■ **Task description**:
Copy each line below in which the string "diagram" appears.

───── Data excerpts ─────

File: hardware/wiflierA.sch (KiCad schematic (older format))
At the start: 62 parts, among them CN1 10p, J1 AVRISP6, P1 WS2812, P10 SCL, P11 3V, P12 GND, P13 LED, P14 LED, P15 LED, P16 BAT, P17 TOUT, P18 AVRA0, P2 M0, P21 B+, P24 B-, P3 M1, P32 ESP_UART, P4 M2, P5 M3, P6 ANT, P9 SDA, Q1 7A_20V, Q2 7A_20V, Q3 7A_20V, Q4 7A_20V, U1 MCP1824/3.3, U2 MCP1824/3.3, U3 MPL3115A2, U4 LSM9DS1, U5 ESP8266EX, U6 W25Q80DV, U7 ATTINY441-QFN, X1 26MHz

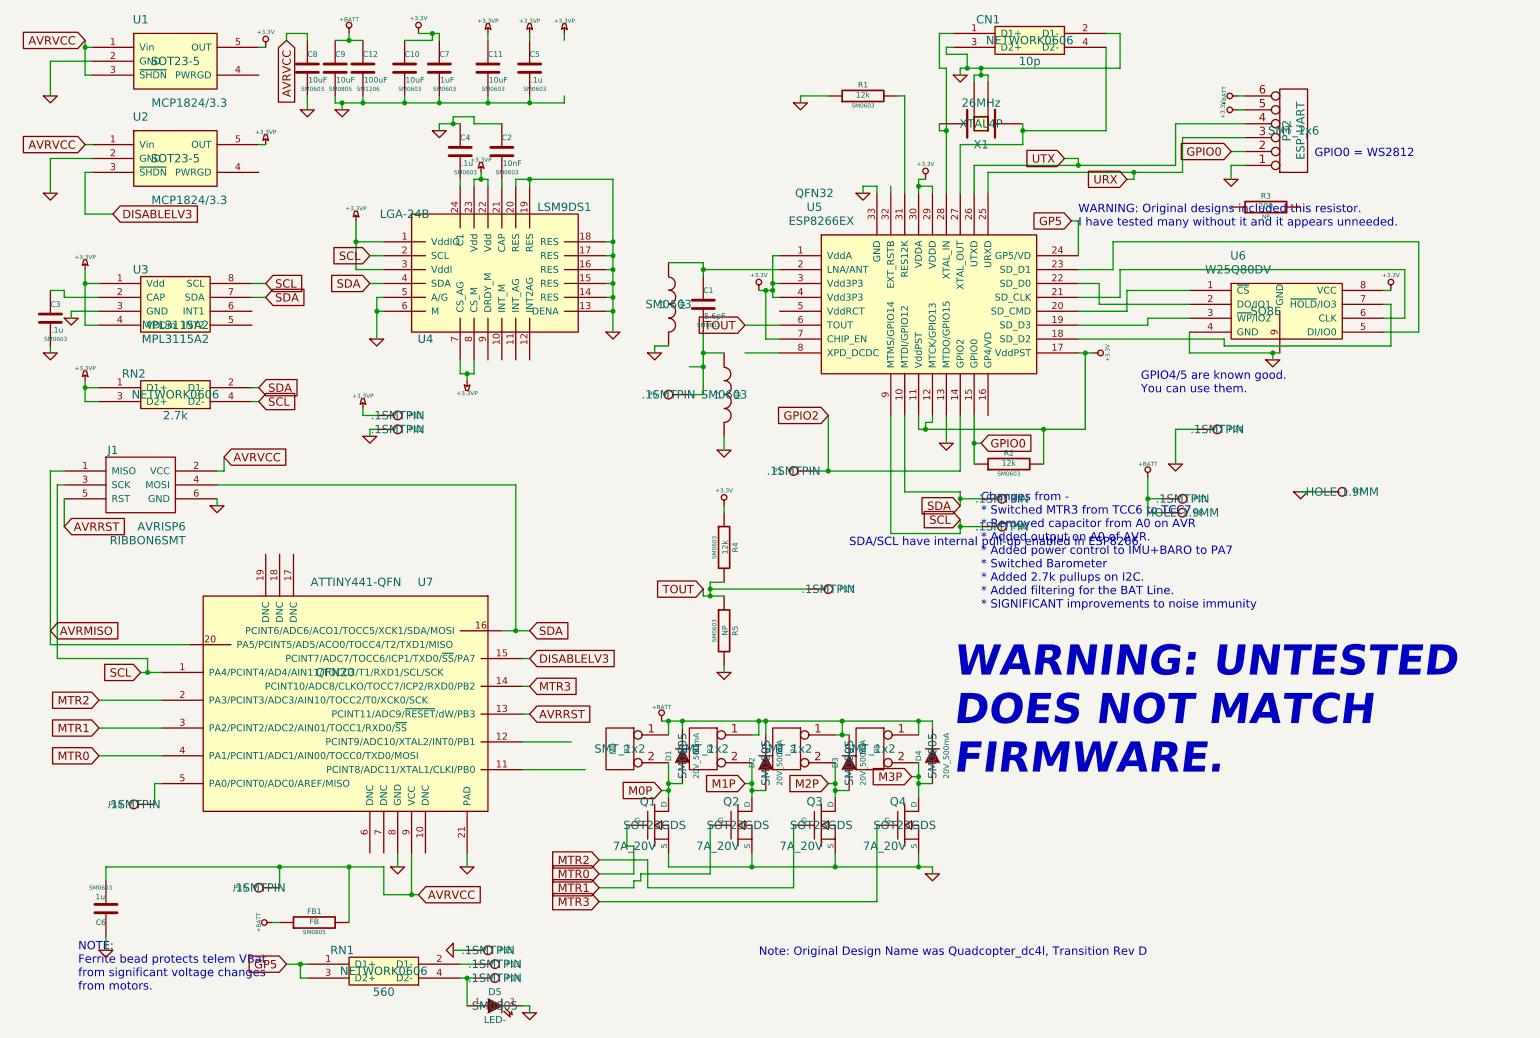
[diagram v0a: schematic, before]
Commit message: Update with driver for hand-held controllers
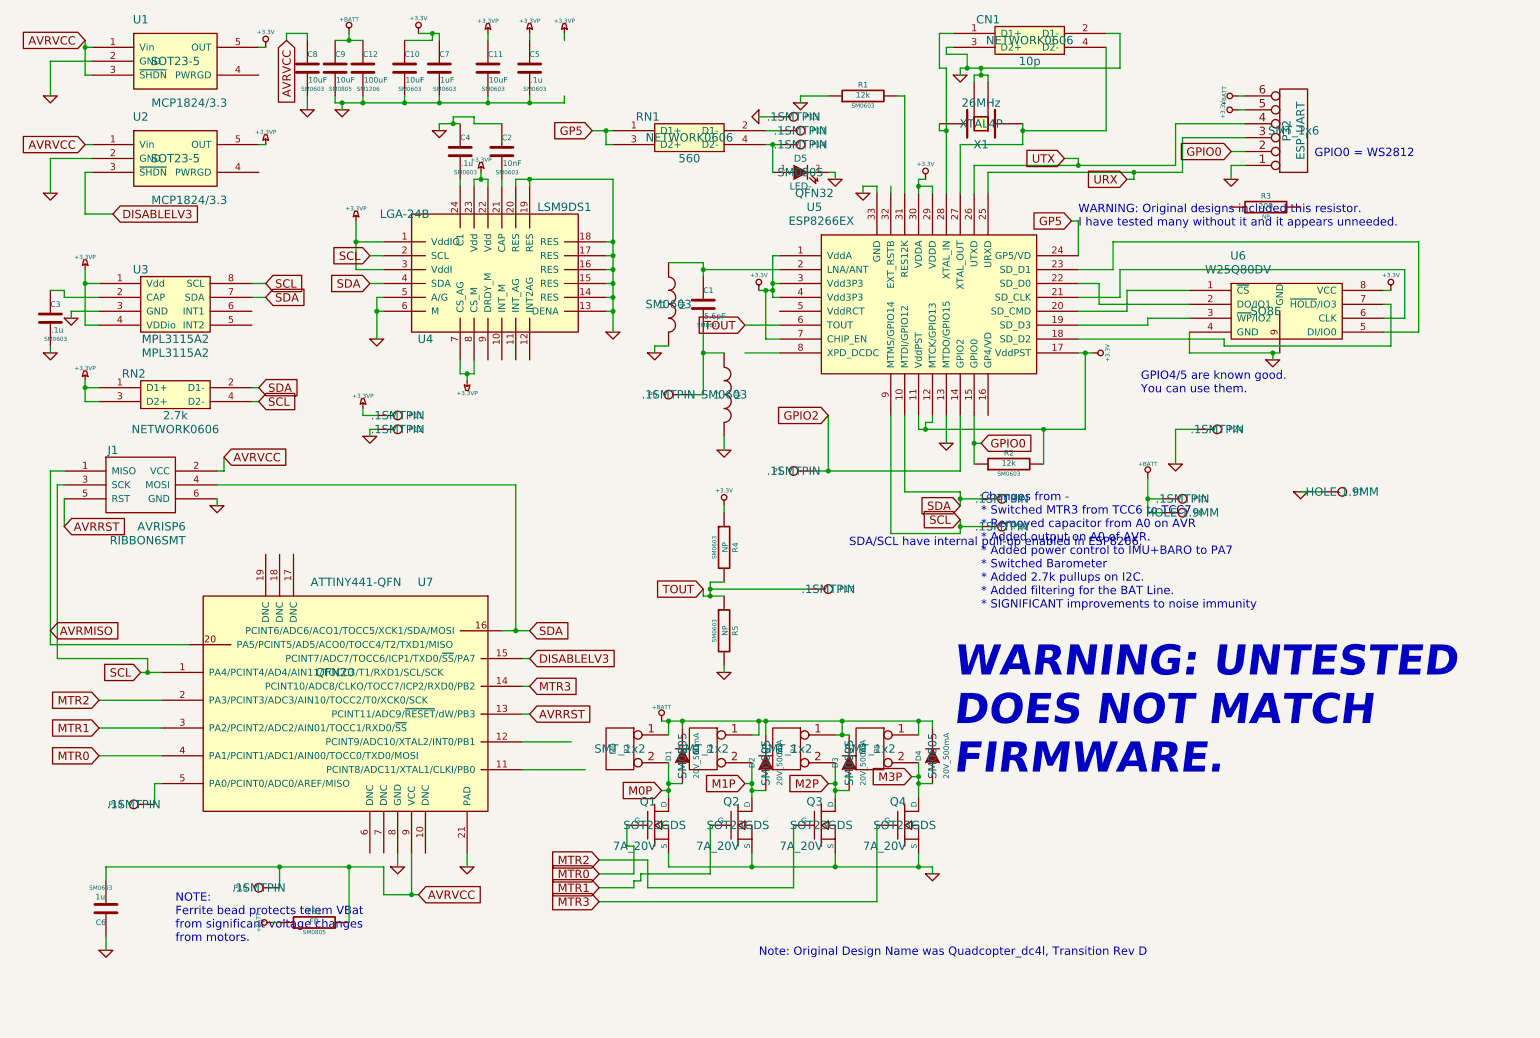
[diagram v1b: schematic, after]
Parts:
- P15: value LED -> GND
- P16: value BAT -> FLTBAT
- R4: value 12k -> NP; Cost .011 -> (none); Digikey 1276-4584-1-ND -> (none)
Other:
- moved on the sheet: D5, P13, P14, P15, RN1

─────

■ **Worked solution**:
[diagram v0a: schematic, before]
[diagram v1b: schematic, after]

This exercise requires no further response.